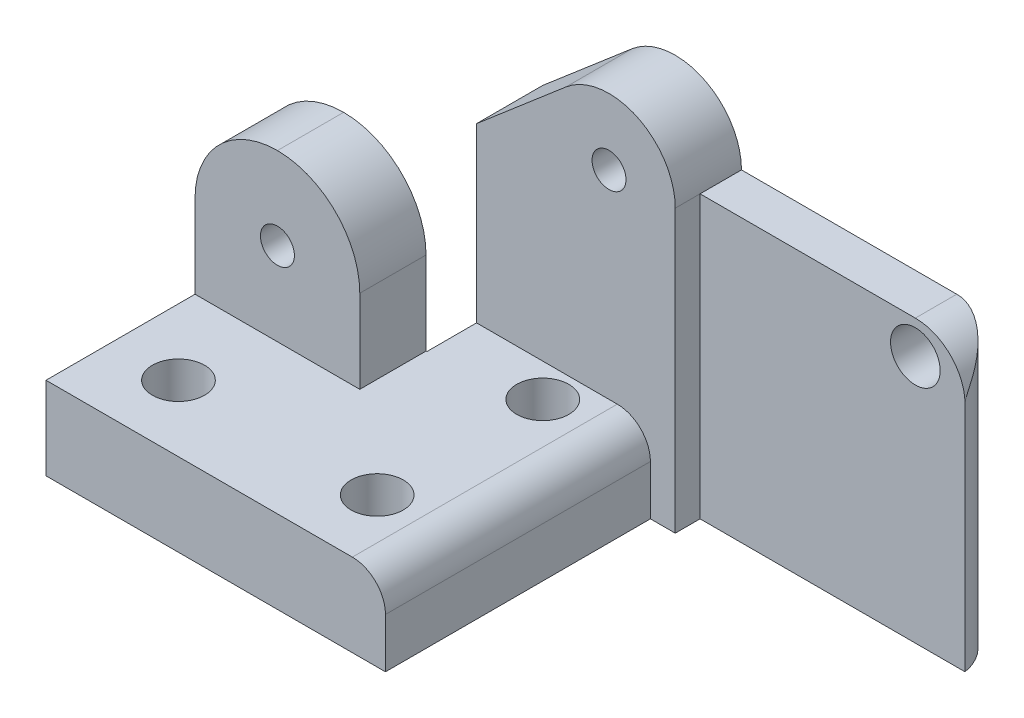
ISO-10303-21;
HEADER;
FILE_DESCRIPTION(('STEP AP214'),'2;1');
FILE_NAME('part.step','',(''),(''),'','','');
FILE_SCHEMA(('AUTOMOTIVE_DESIGN { 1 0 10303 214 1 1 1 1 }'));
ENDSEC;
DATA;
#1=APPLICATION_CONTEXT('core data for automotive mechanical design processes');
#2=APPLICATION_PROTOCOL_DEFINITION('international standard','automotive_design',2000,#1);
#3=PRODUCT_CONTEXT('',#1,'mechanical');
#4=PRODUCT('Part','Part','',(#3));
#5=PRODUCT_RELATED_PRODUCT_CATEGORY('part','',(#4));
#6=PRODUCT_DEFINITION_FORMATION('','',#4);
#7=PRODUCT_DEFINITION_CONTEXT('part definition',#1,'design');
#8=PRODUCT_DEFINITION('design','',#6,#7);
#9=PRODUCT_DEFINITION_SHAPE('','',#8);
#10=(LENGTH_UNIT() NAMED_UNIT(*) SI_UNIT(.MILLI.,.METRE.));
#11=(NAMED_UNIT(*) PLANE_ANGLE_UNIT() SI_UNIT($,.RADIAN.));
#12=(NAMED_UNIT(*) SI_UNIT($,.STERADIAN.) SOLID_ANGLE_UNIT());
#13=UNCERTAINTY_MEASURE_WITH_UNIT(LENGTH_MEASURE(1.E-05),#10,'distance_accuracy_value','');
#14=(GEOMETRIC_REPRESENTATION_CONTEXT(3) GLOBAL_UNCERTAINTY_ASSIGNED_CONTEXT((#13)) GLOBAL_UNIT_ASSIGNED_CONTEXT((#10,
#11,#12)) REPRESENTATION_CONTEXT('',''));
#15=CARTESIAN_POINT('',(0.,0.,0.));
#16=DIRECTION('',(0.,0.,1.));
#17=DIRECTION('',(1.,0.,0.));
#18=AXIS2_PLACEMENT_3D('',#15,#16,#17);
#19=CARTESIAN_POINT('',(16.,17.,-20.));
#20=DIRECTION('',(-1.,0.,0.));
#21=DIRECTION('',(0.,0.,-1.));
#22=AXIS2_PLACEMENT_3D('',#19,#20,#21);
#23=PLANE('',#22);
#24=DIRECTION('',(0.,1.,0.));
#25=VECTOR('',#24,1.);
#26=CARTESIAN_POINT('',(16.,0.,-17.5));
#27=LINE('',#26,#25);
#28=CARTESIAN_POINT('',(16.,0.,-17.5));
#29=VERTEX_POINT('',#28);
#30=CARTESIAN_POINT('',(16.,17.,-17.5));
#31=VERTEX_POINT('',#30);
#32=EDGE_CURVE('E211',#29,#31,#27,.T.);
#33=ORIENTED_EDGE('',*,*,#32,.T.);
#34=DIRECTION('',(0.,0.,1.));
#35=VECTOR('',#34,1.);
#36=CARTESIAN_POINT('',(16.,17.,-20.));
#37=LINE('',#36,#35);
#38=CARTESIAN_POINT('',(16.,17.,-16.));
#39=VERTEX_POINT('',#38);
#40=EDGE_CURVE('E444',#31,#39,#37,.T.);
#41=ORIENTED_EDGE('',*,*,#40,.T.);
#42=DIRECTION('',(0.,-1.,0.));
#43=VECTOR('',#42,1.);
#44=CARTESIAN_POINT('',(16.,5.,-16.));
#45=LINE('',#44,#43);
#46=CARTESIAN_POINT('',(16.,0.,-16.));
#47=VERTEX_POINT('',#46);
#48=EDGE_CURVE('E418',#39,#47,#45,.T.);
#49=ORIENTED_EDGE('',*,*,#48,.T.);
#50=DIRECTION('',(0.,0.,1.));
#51=VECTOR('',#50,1.);
#52=CARTESIAN_POINT('',(16.,0.,-20.));
#53=LINE('',#52,#51);
#54=EDGE_CURVE('E448',#29,#47,#53,.T.);
#55=ORIENTED_EDGE('',*,*,#54,.F.);
#56=EDGE_LOOP('',(#33,#41,#49,#55));
#57=FACE_BOUND('',#56,.T.);
#58=ADVANCED_FACE('F43',(#57),#23,.F.);
#59=CARTESIAN_POINT('',(12.,17.,-20.));
#60=DIRECTION('',(0.,0.,1.));
#61=DIRECTION('',(-1.,0.,0.));
#62=AXIS2_PLACEMENT_3D('',#59,#60,#61);
#63=PLANE('',#62);
#64=DIRECTION('',(0.,1.,0.));
#65=VECTOR('',#64,1.);
#66=CARTESIAN_POINT('',(29.0419601084502,17.,-20.));
#67=LINE('',#66,#65);
#68=CARTESIAN_POINT('',(29.0419601084502,0.,-20.));
#69=VERTEX_POINT('',#68);
#70=CARTESIAN_POINT('',(29.0419601084502,13.5005869984228,-20.));
#71=VERTEX_POINT('',#70);
#72=EDGE_CURVE('E184',#69,#71,#67,.T.);
#73=ORIENTED_EDGE('',*,*,#72,.F.);
#74=DIRECTION('',(1.,0.,0.));
#75=VECTOR('',#74,1.);
#76=CARTESIAN_POINT('',(16.,0.,-20.));
#77=LINE('',#76,#75);
#78=CARTESIAN_POINT('',(4.,0.,-20.));
#79=VERTEX_POINT('',#78);
#80=EDGE_CURVE('E430',#79,#69,#77,.T.);
#81=ORIENTED_EDGE('',*,*,#80,.F.);
#82=DIRECTION('',(0.,1.,0.));
#83=VECTOR('',#82,1.);
#84=CARTESIAN_POINT('',(4.,0.,-20.));
#85=LINE('',#84,#83);
#86=CARTESIAN_POINT('',(4.,15.4211646096066,-20.));
#87=VERTEX_POINT('',#86);
#88=EDGE_CURVE('E408',#79,#87,#85,.T.);
#89=ORIENTED_EDGE('',*,*,#88,.T.);
#90=DIRECTION('',(-0.759951494214413,-0.649979789256005,0.));
#91=VECTOR('',#90,1.);
#92=CARTESIAN_POINT('',(0.,12.,-20.));
#93=LINE('',#92,#91);
#94=CARTESIAN_POINT('',(9.40008084297598,20.0398059768577,-20.));
#95=VERTEX_POINT('',#94);
#96=EDGE_CURVE('E436',#95,#87,#93,.T.);
#97=ORIENTED_EDGE('',*,*,#96,.F.);
#98=CARTESIAN_POINT('',(12.,17.,-20.));
#99=DIRECTION('',(0.,0.,1.));
#100=DIRECTION('',(-1.,0.,0.));
#101=AXIS2_PLACEMENT_3D('',#98,#99,#100);
#102=CIRCLE('',#101,4.);
#103=CARTESIAN_POINT('',(16.,17.,-20.));
#104=VERTEX_POINT('',#103);
#105=EDGE_CURVE('E433',#104,#95,#102,.T.);
#106=ORIENTED_EDGE('',*,*,#105,.F.);
#107=DIRECTION('',(-1.,0.,0.));
#108=VECTOR('',#107,1.);
#109=CARTESIAN_POINT('',(32.,17.,-20.));
#110=LINE('',#109,#108);
#111=CARTESIAN_POINT('',(29.,17.,-20.));
#112=VERTEX_POINT('',#111);
#113=EDGE_CURVE('E325',#112,#104,#110,.T.);
#114=ORIENTED_EDGE('',*,*,#113,.F.);
#115=CARTESIAN_POINT('',(29.,14.,-20.));
#116=DIRECTION('',(0.,0.,-1.));
#117=DIRECTION('',(-1.,0.,0.));
#118=AXIS2_PLACEMENT_3D('',#115,#116,#117);
#119=CIRCLE('',#118,3.);
#120=CARTESIAN_POINT('',(29.0419601084502,16.9997065438637,-20.));
#121=VERTEX_POINT('',#120);
#122=EDGE_CURVE('E195',#121,#112,#119,.F.);
#123=ORIENTED_EDGE('',*,*,#122,.F.);
#124=CARTESIAN_POINT('',(29.0419601084502,16.4994130015772,-20.));
#125=VERTEX_POINT('',#124);
#126=EDGE_CURVE('E181',#125,#121,#67,.T.);
#127=ORIENTED_EDGE('',*,*,#126,.F.);
#128=CARTESIAN_POINT('',(29.,15.,-20.));
#129=DIRECTION('',(0.,0.,1.));
#130=DIRECTION('',(1.,0.,0.));
#131=AXIS2_PLACEMENT_3D('',#128,#129,#130);
#132=CIRCLE('',#131,1.5);
#133=EDGE_CURVE('E185',#125,#71,#132,.T.);
#134=ORIENTED_EDGE('',*,*,#133,.T.);
#135=EDGE_LOOP('',(#73,#81,#89,#97,#106,#114,#123,#127,#134));
#136=FACE_BOUND('',#135,.T.);
#137=CARTESIAN_POINT('',(12.,17.,-20.));
#138=DIRECTION('',(0.,0.,1.));
#139=DIRECTION('',(1.,0.,0.));
#140=AXIS2_PLACEMENT_3D('',#137,#138,#139);
#141=CIRCLE('',#140,1.025);
#142=CARTESIAN_POINT('',(13.025,17.,-20.));
#143=VERTEX_POINT('',#142);
#144=EDGE_CURVE('E336',#143,#143,#141,.T.);
#145=ORIENTED_EDGE('',*,*,#144,.T.);
#146=EDGE_LOOP('',(#145));
#147=FACE_BOUND('',#146,.T.);
#148=ADVANCED_FACE('F191',(#136,#147),#63,.F.);
#149=CARTESIAN_POINT('',(-6.,5.,-13.));
#150=DIRECTION('',(0.,0.,1.));
#151=DIRECTION('',(-1.,0.,0.));
#152=AXIS2_PLACEMENT_3D('',#149,#150,#151);
#153=PLANE('',#152);
#154=DIRECTION('',(0.,-1.,0.));
#155=VECTOR('',#154,1.);
#156=CARTESIAN_POINT('',(3.95,15.,-13.));
#157=LINE('',#156,#155);
#158=CARTESIAN_POINT('',(3.95,10.025,-13.));
#159=VERTEX_POINT('',#158);
#160=CARTESIAN_POINT('',(3.95,5.,-13.));
#161=VERTEX_POINT('',#160);
#162=EDGE_CURVE('E370',#159,#161,#157,.T.);
#163=ORIENTED_EDGE('',*,*,#162,.T.);
#164=DIRECTION('',(1.,0.,0.));
#165=VECTOR('',#164,1.);
#166=CARTESIAN_POINT('',(-6.,5.,-13.));
#167=LINE('',#166,#165);
#168=CARTESIAN_POINT('',(4.,5.,-13.));
#169=VERTEX_POINT('',#168);
#170=EDGE_CURVE('E400',#161,#169,#167,.T.);
#171=ORIENTED_EDGE('',*,*,#170,.T.);
#172=DIRECTION('',(0.,1.,0.));
#173=VECTOR('',#172,1.);
#174=CARTESIAN_POINT('',(4.,5.,-13.));
#175=LINE('',#174,#173);
#176=CARTESIAN_POINT('',(4.,0.,-13.));
#177=VERTEX_POINT('',#176);
#178=EDGE_CURVE('E389',#177,#169,#175,.T.);
#179=ORIENTED_EDGE('',*,*,#178,.F.);
#180=DIRECTION('',(1.,0.,0.));
#181=VECTOR('',#180,1.);
#182=CARTESIAN_POINT('',(-6.,0.,-13.));
#183=LINE('',#182,#181);
#184=CARTESIAN_POINT('',(-6.,0.,-13.));
#185=VERTEX_POINT('',#184);
#186=EDGE_CURVE('E405',#185,#177,#183,.T.);
#187=ORIENTED_EDGE('',*,*,#186,.F.);
#188=DIRECTION('',(0.,1.,0.));
#189=VECTOR('',#188,1.);
#190=CARTESIAN_POINT('',(-6.,5.,-13.));
#191=LINE('',#190,#189);
#192=CARTESIAN_POINT('',(-6.,10.025,-13.));
#193=VERTEX_POINT('',#192);
#194=EDGE_CURVE('E394',#185,#193,#191,.T.);
#195=ORIENTED_EDGE('',*,*,#194,.T.);
#196=CARTESIAN_POINT('',(-1.025,10.025,-13.));
#197=DIRECTION('',(0.,0.,-1.));
#198=DIRECTION('',(-1.,0.,0.));
#199=AXIS2_PLACEMENT_3D('',#196,#197,#198);
#200=CIRCLE('',#199,4.975);
#201=CARTESIAN_POINT('',(-1.025,15.,-13.));
#202=VERTEX_POINT('',#201);
#203=EDGE_CURVE('E466',#202,#193,#200,.F.);
#204=ORIENTED_EDGE('',*,*,#203,.F.);
#205=CARTESIAN_POINT('',(-1.025,10.025,-13.));
#206=DIRECTION('',(0.,0.,-1.));
#207=DIRECTION('',(-1.,0.,0.));
#208=AXIS2_PLACEMENT_3D('',#205,#206,#207);
#209=CIRCLE('',#208,4.975);
#210=EDGE_CURVE('E469',#159,#202,#209,.F.);
#211=ORIENTED_EDGE('',*,*,#210,.F.);
#212=EDGE_LOOP('',(#163,#171,#179,#187,#195,#204,#211));
#213=FACE_BOUND('',#212,.T.);
#214=CARTESIAN_POINT('',(-1.025,10.025,-13.));
#215=DIRECTION('',(0.,0.,1.));
#216=DIRECTION('',(1.,0.,0.));
#217=AXIS2_PLACEMENT_3D('',#214,#215,#216);
#218=CIRCLE('',#217,1.02499999999999);
#219=CARTESIAN_POINT('',(0.,10.025,-13.));
#220=VERTEX_POINT('',#219);
#221=EDGE_CURVE('E351',#220,#220,#218,.T.);
#222=ORIENTED_EDGE('',*,*,#221,.T.);
#223=EDGE_LOOP('',(#222));
#224=FACE_BOUND('',#223,.T.);
#225=ADVANCED_FACE('F256',(#213,#224),#153,.F.);
#226=CARTESIAN_POINT('',(-4.,5.,0.));
#227=DIRECTION('',(0.,-1.,0.));
#228=DIRECTION('',(0.,0.,1.));
#229=AXIS2_PLACEMENT_3D('',#226,#227,#228);
#230=PLANE('',#229);
#231=CARTESIAN_POINT('',(10.,5.,-14.));
#232=DIRECTION('',(0.,1.,0.));
#233=DIRECTION('',(0.,0.,1.));
#234=AXIS2_PLACEMENT_3D('',#231,#232,#233);
#235=CIRCLE('',#234,1.575);
#236=CARTESIAN_POINT('',(10.,5.,-12.425));
#237=VERTEX_POINT('',#236);
#238=EDGE_CURVE('E386',#237,#237,#235,.T.);
#239=ORIENTED_EDGE('',*,*,#238,.F.);
#240=EDGE_LOOP('',(#239));
#241=FACE_BOUND('',#240,.T.);
#242=CARTESIAN_POINT('',(10.,5.,-4.));
#243=DIRECTION('',(0.,1.,0.));
#244=DIRECTION('',(0.,0.,1.));
#245=AXIS2_PLACEMENT_3D('',#242,#243,#244);
#246=CIRCLE('',#245,1.575);
#247=CARTESIAN_POINT('',(10.,5.,-2.425));
#248=VERTEX_POINT('',#247);
#249=EDGE_CURVE('E382',#248,#248,#246,.T.);
#250=ORIENTED_EDGE('',*,*,#249,.F.);
#251=EDGE_LOOP('',(#250));
#252=FACE_BOUND('',#251,.T.);
#253=CARTESIAN_POINT('',(-2.,5.,-4.));
#254=DIRECTION('',(0.,1.,0.));
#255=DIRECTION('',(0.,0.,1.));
******************************
Action item: Read each line of the material, and wherever the word "CIRCLE" turns up, copy that line.

Task answer:
#102=CIRCLE('',#101,4.);
#119=CIRCLE('',#118,3.);
#132=CIRCLE('',#131,1.5);
#141=CIRCLE('',#140,1.025);
#200=CIRCLE('',#199,4.975);
#209=CIRCLE('',#208,4.975);
#218=CIRCLE('',#217,1.02499999999999);
#235=CIRCLE('',#234,1.575);
#246=CIRCLE('',#245,1.575);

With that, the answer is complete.